─── DATA EXTRACT

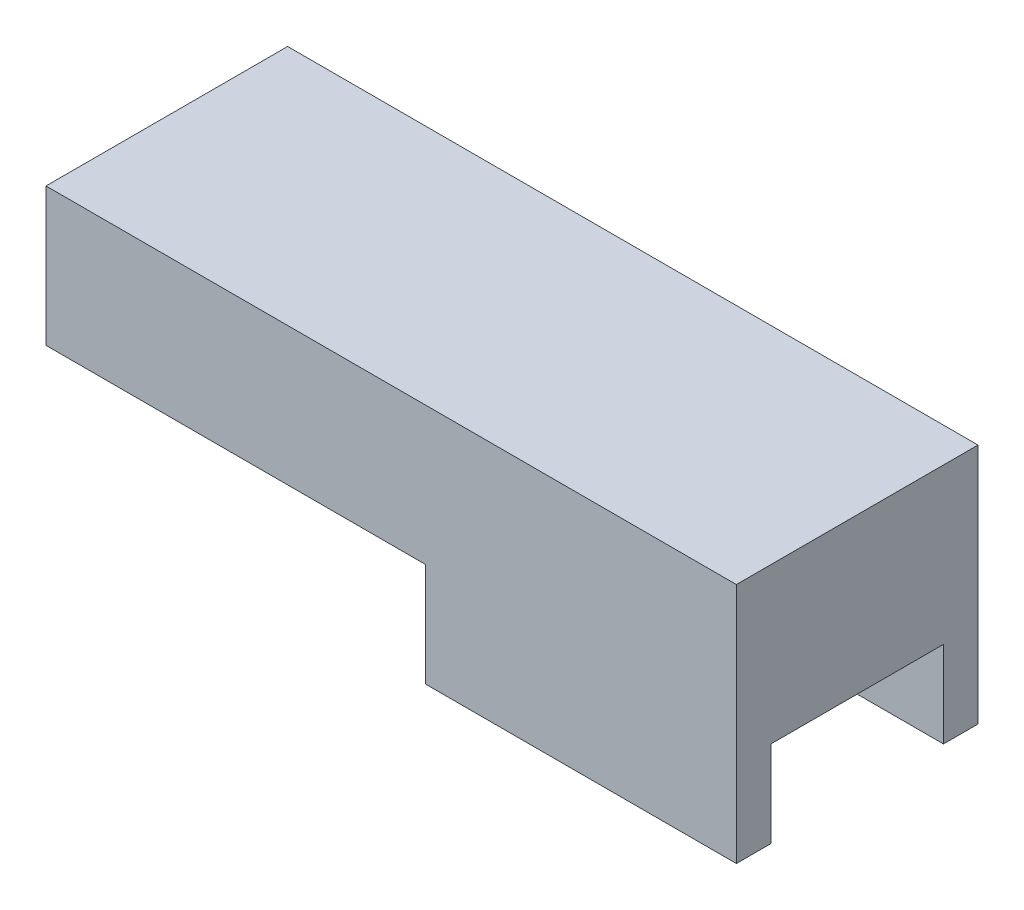
from build123d import *

# Parameters (mm, degrees)
EXTRUDE_2_DEPTH     = 70
SKETCH_3_W          = 50
SKETCH_3_H          = 25
CUT_EXTRUDE_3_DEPTH = 91


with BuildPart() as part:
    # 草图1 → 凸台-拉伸2 (new body)
    with BuildSketch(Plane.XY):
        Polygon((-42.561983471, 30.9508549), (157.438016529, 30.9508549), (157.438016529, -39.0491451), (67.438016529, -39.0491451), (67.438016529, -9.0491451), (-42.561983471, -9.0491451), align=None)
    extrude(amount=EXTRUDE_2_DEPTH)

    # 草图3 → 切除-拉伸3 (cut, through all)
    with BuildSketch(Plane.ZY.offset(-67.438016529)):
        with Locations((35, -26.5491451)):
            Rectangle(SKETCH_3_W, SKETCH_3_H)
    extrude(amount=-CUT_EXTRUDE_3_DEPTH, mode=Mode.SUBTRACT)


solid = part.part

──────

## PROBLEM
A verbatim transcription is required of the lines from the one with "CUT_EXTRUDE_3_DEPTH = 91" through the final line of the entries above, and of nothing else.

## TASK ANSWER
CUT_EXTRUDE_3_DEPTH = 91


with BuildPart() as part:
    # 草图1 → 凸台-拉伸2 (new body)
    with BuildSketch(Plane.XY):
        Polygon((-42.561983471, 30.9508549), (157.438016529, 30.9508549), (157.438016529, -39.0491451), (67.438016529, -39.0491451), (67.438016529, -9.0491451), (-42.561983471, -9.0491451), align=None)
    extrude(amount=EXTRUDE_2_DEPTH)

    # 草图3 → 切除-拉伸3 (cut, through all)
    with BuildSketch(Plane.ZY.offset(-67.438016529)):
        with Locations((35, -26.5491451)):
            Rectangle(SKETCH_3_W, SKETCH_3_H)
    extrude(amount=-CUT_EXTRUDE_3_DEPTH, mode=Mode.SUBTRACT)


solid = part.part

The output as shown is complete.